What is needed: Count how many lines in the data hold "Continuous". Only the number.

** Input material follows **

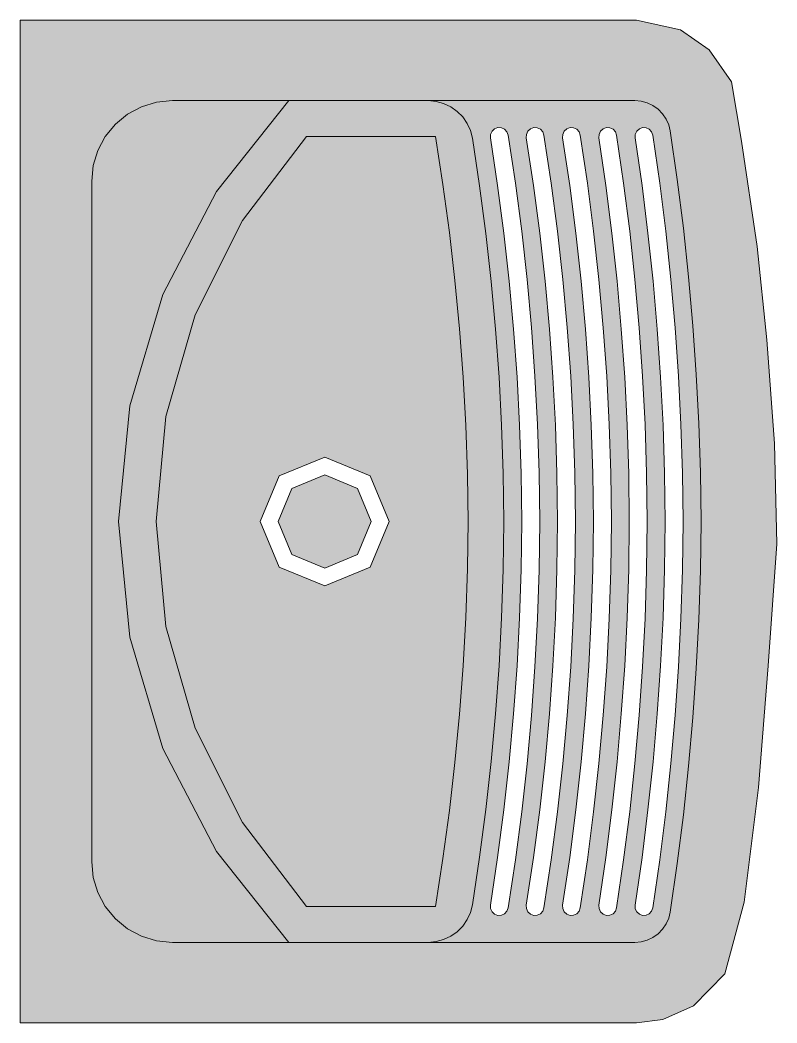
# Model space of a CAD drawing. Header units: millimetres. Extents: x 1345.015 to 1345.438, y 1288.19 to 1288.75.
import ezdxf

# ---------------------------------------------------------------- set-up
doc = ezdxf.new("R2010")
doc.units = ezdxf.units.MM
doc.layers.add('AR-Mobiliário', color=1, linetype='Continuous', lineweight=0)
doc.layers.add('Layout', color=8, linetype='Continuous')

# ---------------------------------------------------------------- blocks, each defined once
blk = doc.blocks.new('A$C4D2128F2')
at = {"layer": 'AR-Mobiliário', "linetype": 'Continuous', "lineweight": 5}
for points in [[(0, 0.42237, 0), (0, 0.07842, 0), (0.00188, 0.06375, 0), (0.0095, 0.0466, 0), (0.0275, 0.02907, 0), (0.0675, 0.01825, 0), (0.1315, 0.01026, 0), (0.1995, 0.00482, 0), (0.2675, 0, 0), (0.3235, 0.00143, 0), (0.3815, 0.00556, 0), (0.4335, 0.0111, 0), (0.49236, 0.01974, 0), (0.5255, 0.02536, 0), (0.54337, 0.03775, 0), (0.5545, 0.05375, 0), (0.56, 0.07842, 0), (0.56, 0.42237, 0), (0, 0.42237, 0)], [(0.09, 0.38237, 0), (0.08122, 0.38151, 0), (0.07278, 0.37895, 0), (0.065, 0.37479, 0), (0.05818, 0.36919, 0), (0.05258, 0.36237, 0), (0.04843, 0.35459, 0), (0.04586, 0.34615, 0), (0.045, 0.33737, 0)], [(0.515, 0.33737, 0), (0.51414, 0.34615, 0), (0.51157, 0.35459, 0), (0.50742, 0.36237, 0), (0.50182, 0.36919, 0), (0.495, 0.37479, 0), (0.48722, 0.37895, 0), (0.47878, 0.38151, 0), (0.47, 0.38237, 0)], [(0.515, 0.27237, 0), (0.46426, 0.31276, 0), (0.40674, 0.34272, 0), (0.34456, 0.36115, 0), (0.28, 0.36737, 0), (0.21544, 0.36115, 0), (0.15326, 0.34272, 0), (0.09574, 0.31276, 0), (0.045, 0.27237, 0)], [(0.495, 0.26245, 0), (0.44811, 0.29822, 0), (0.39541, 0.32469, 0), (0.33872, 0.34094, 0), (0.28, 0.34643, 0), (0.22128, 0.34094, 0), (0.16459, 0.32469, 0), (0.11189, 0.29822, 0), (0.065, 0.26245, 0)], [(0.244, 0.25237, 0), (0.25454, 0.22692, 0), (0.28, 0.21637, 0), (0.30546, 0.22692, 0), (0.316, 0.25237, 0), (0.30546, 0.27783, 0), (0.28, 0.28837, 0), (0.25454, 0.27783, 0), (0.244, 0.25237, 0)], [(0.254, 0.25237, 0), (0.26162, 0.23399, 0), (0.28, 0.22637, 0), (0.29838, 0.23399, 0), (0.306, 0.25237, 0), (0.29838, 0.27076, 0), (0.28, 0.27837, 0), (0.26162, 0.27076, 0), (0.254, 0.25237, 0)], [(0.045, 0.19463, 0), (0.04539, 0.19025, 0), (0.04654, 0.186, 0), (0.04842, 0.18202, 0), (0.05097, 0.17843, 0), (0.0541, 0.17534, 0), (0.05773, 0.17285, 0), (0.06175, 0.17104, 0), (0.06601, 0.16995, 0)], [(0.065, 0.19059, 0), (0.09175, 0.18641, 0), (0.11857, 0.18277, 0), (0.14546, 0.17967, 0), (0.17241, 0.17712, 0), (0.19941, 0.17511, 0), (0.22644, 0.17365, 0), (0.25349, 0.17274, 0), (0.28056, 0.17237, 0)], [(0.27944, 0.17237, 0), (0.30651, 0.17274, 0), (0.33356, 0.17365, 0), (0.36059, 0.17511, 0), (0.38759, 0.17712, 0), (0.41454, 0.17967, 0), (0.44143, 0.18277, 0), (0.46825, 0.18641, 0), (0.495, 0.19059, 0)], [(0.49399, 0.16995, 0), (0.49825, 0.17104, 0), (0.50227, 0.17285, 0), (0.5059, 0.17534, 0), (0.50903, 0.17843, 0), (0.51158, 0.18202, 0), (0.51346, 0.186, 0), (0.51461, 0.19025, 0), (0.515, 0.19463, 0)], [(0.06601, 0.16995, 0), (0.09258, 0.16593, 0), (0.11921, 0.16242, 0), (0.14591, 0.15944, 0), (0.17266, 0.15698, 0), (0.19946, 0.15504, 0), (0.22629, 0.15363, 0), (0.25314, 0.15274, 0), (0.28, 0.15237, 0)], [(0.28, 0.15237, 0), (0.30686, 0.15274, 0), (0.33371, 0.15363, 0), (0.36054, 0.15504, 0), (0.38734, 0.15698, 0), (0.41409, 0.15944, 0), (0.44079, 0.16242, 0), (0.46742, 0.16593, 0), (0.49399, 0.16995, 0)], [(0.06579, 0.15986, 0), (0.06384, 0.15979, 0), (0.06207, 0.15897, 0), (0.06074, 0.15754, 0), (0.06006, 0.15572, 0), (0.06014, 0.15377, 0), (0.06095, 0.15199, 0), (0.06238, 0.15067, 0), (0.06421, 0.14999, 0)], [(0.06579, 0.15986, 0), (0.09238, 0.15586, 0), (0.11905, 0.15237, 0), (0.14578, 0.1494, 0), (0.17256, 0.14696, 0), (0.19938, 0.14503, 0), (0.22623, 0.14362, 0), (0.25311, 0.14274, 0), (0.28, 0.14237, 0)], [(0.28, 0.14237, 0), (0.30689, 0.14274, 0), (0.33377, 0.14362, 0), (0.36062, 0.14503, 0), (0.38744, 0.14696, 0), (0.41422, 0.1494, 0), (0.44095, 0.15237, 0), (0.46762, 0.15586, 0), (0.49421, 0.15986, 0)], [(0.49579, 0.14999, 0), (0.49762, 0.15067, 0), (0.49905, 0.15199, 0), (0.49986, 0.15377, 0), (0.49994, 0.15572, 0), (0.49926, 0.15755, 0), (0.49793, 0.15898, 0), (0.49616, 0.15979, 0), (0.49421, 0.15986, 0)], [(0.06421, 0.14999, 0), (0.091, 0.14595, 0), (0.11786, 0.14244, 0), (0.14478, 0.13945, 0), (0.17176, 0.13699, 0), (0.19878, 0.13505, 0), (0.22584, 0.13363, 0), (0.25291, 0.13274, 0), (0.28, 0.13237, 0)], [(0.28, 0.13237, 0), (0.30709, 0.13274, 0), (0.33416, 0.13363, 0), (0.36122, 0.13505, 0), (0.38824, 0.13699, 0), (0.41522, 0.13945, 0), (0.44214, 0.14244, 0), (0.469, 0.14595, 0), (0.49579, 0.14999, 0)], [(0.06579, 0.13986, 0), (0.06384, 0.13979, 0), (0.06207, 0.13897, 0), (0.06074, 0.13754, 0), (0.06006, 0.13572, 0), (0.06014, 0.13377, 0), (0.06095, 0.13199, 0), (0.06238, 0.13067, 0), (0.06421, 0.12999, 0)], [(0.06579, 0.13986, 0), (0.09238, 0.13586, 0), (0.11905, 0.13237, 0), (0.14578, 0.1294, 0), (0.17256, 0.12696, 0), (0.19938, 0.12503, 0), (0.22623, 0.12362, 0), (0.25311, 0.12274, 0), (0.28, 0.12237, 0)], [(0.28, 0.12237, 0), (0.30689, 0.12274, 0), (0.33377, 0.12362, 0), (0.36062, 0.12503, 0), (0.38744, 0.12696, 0), (0.41422, 0.1294, 0), (0.44095, 0.13237, 0), (0.46762, 0.13586, 0), (0.49421, 0.13986, 0)], [(0.49579, 0.12999, 0), (0.49762, 0.13067, 0), (0.49905, 0.13199, 0), (0.49986, 0.13377, 0), (0.49994, 0.13572, 0), (0.49926, 0.13755, 0), (0.49793, 0.13898, 0), (0.49616, 0.13979, 0), (0.49421, 0.13986, 0)], [(0.06421, 0.12999, 0), (0.091, 0.12595, 0), (0.11786, 0.12244, 0), (0.14478, 0.11945, 0), (0.17176, 0.11699, 0), (0.19878, 0.11505, 0), (0.22584, 0.11363, 0), (0.25291, 0.11274, 0), (0.28, 0.11237, 0)], [(0.28, 0.11237, 0), (0.30709, 0.11274, 0), (0.33416, 0.11363, 0), (0.36122, 0.11505, 0), (0.38824, 0.11699, 0), (0.41522, 0.11945, 0), (0.44214, 0.12244, 0), (0.469, 0.12595, 0), (0.49579, 0.12999, 0)], [(0.06578, 0.11961, 0), (0.06383, 0.11953, 0), (0.06206, 0.11872, 0), (0.06074, 0.11728, 0), (0.06006, 0.11545, 0), (0.06014, 0.1135, 0), (0.06096, 0.11173, 0), (0.06239, 0.11041, 0), (0.06422, 0.10973, 0)], [(0.06578, 0.11961, 0), (0.09238, 0.11566, 0), (0.11905, 0.11223, 0), (0.14578, 0.1093, 0), (0.17256, 0.10689, 0), (0.19938, 0.10499, 0), (0.22624, 0.1036, 0), (0.25311, 0.10273, 0), (0.28, 0.10237, 0)], [(0.28, 0.10237, 0), (0.30689, 0.10273, 0), (0.33376, 0.1036, 0), (0.36062, 0.10499, 0), (0.38744, 0.10689, 0), (0.41422, 0.1093, 0), (0.44095, 0.11223, 0), (0.46762, 0.11566, 0), (0.49422, 0.11961, 0)], [(0.49578, 0.10973, 0), (0.49761, 0.11041, 0), (0.49904, 0.11173, 0), (0.49986, 0.1135, 0), (0.49994, 0.11545, 0), (0.49926, 0.11728, 0), (0.49794, 0.11872, 0), (0.49617, 0.11953, 0), (0.49422, 0.11961, 0)], [(0.06422, 0.10973, 0), (0.09101, 0.10576, 0), (0.11788, 0.1023, 0), (0.1448, 0.09935, 0), (0.17178, 0.09692, 0), (0.1988, 0.09501, 0), (0.22585, 0.09361, 0), (0.25292, 0.09273, 0), (0.28, 0.09237, 0)], [(0.28, 0.09237, 0), (0.30708, 0.09273, 0), (0.33415, 0.09361, 0), (0.3612, 0.09501, 0), (0.38822, 0.09692, 0), (0.4152, 0.09935, 0), (0.44212, 0.1023, 0), (0.46899, 0.10576, 0), (0.49578, 0.10973, 0)], [(0.06577, 0.09937, 0), (0.06382, 0.09929, 0), (0.06205, 0.09846, 0), (0.06073, 0.09703, 0), (0.06006, 0.0952, 0), (0.06014, 0.09325, 0), (0.06096, 0.09148, 0), (0.0624, 0.09016, 0), (0.06423, 0.08949, 0)], [(0.06577, 0.09937, 0), (0.09238, 0.09548, 0), (0.11905, 0.09209, 0), (0.14578, 0.0892, 0), (0.17256, 0.08683, 0), (0.19939, 0.08495, 0), (0.22624, 0.08359, 0), (0.25311, 0.08273, 0), (0.28, 0.08237, 0)], [(0.28, 0.08237, 0), (0.30689, 0.08273, 0), (0.33376, 0.08359, 0), (0.36061, 0.08495, 0), (0.38744, 0.08683, 0), (0.41422, 0.0892, 0), (0.44095, 0.09209, 0), (0.46762, 0.09548, 0), (0.49423, 0.09937, 0)], [(0.49577, 0.08949, 0), (0.4976, 0.09016, 0), (0.49904, 0.09148, 0), (0.49986, 0.09325, 0), (0.49994, 0.0952, 0), (0.49927, 0.09703, 0), (0.49795, 0.09846, 0), (0.49618, 0.09929, 0), (0.49423, 0.09937, 0)], [(0.06423, 0.08949, 0), (0.09103, 0.08557, 0), (0.11789, 0.08216, 0), (0.14482, 0.07925, 0), (0.17179, 0.07686, 0), (0.19881, 0.07497, 0), (0.22585, 0.07359, 0), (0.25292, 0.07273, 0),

** End of Input material **

Completed task: 3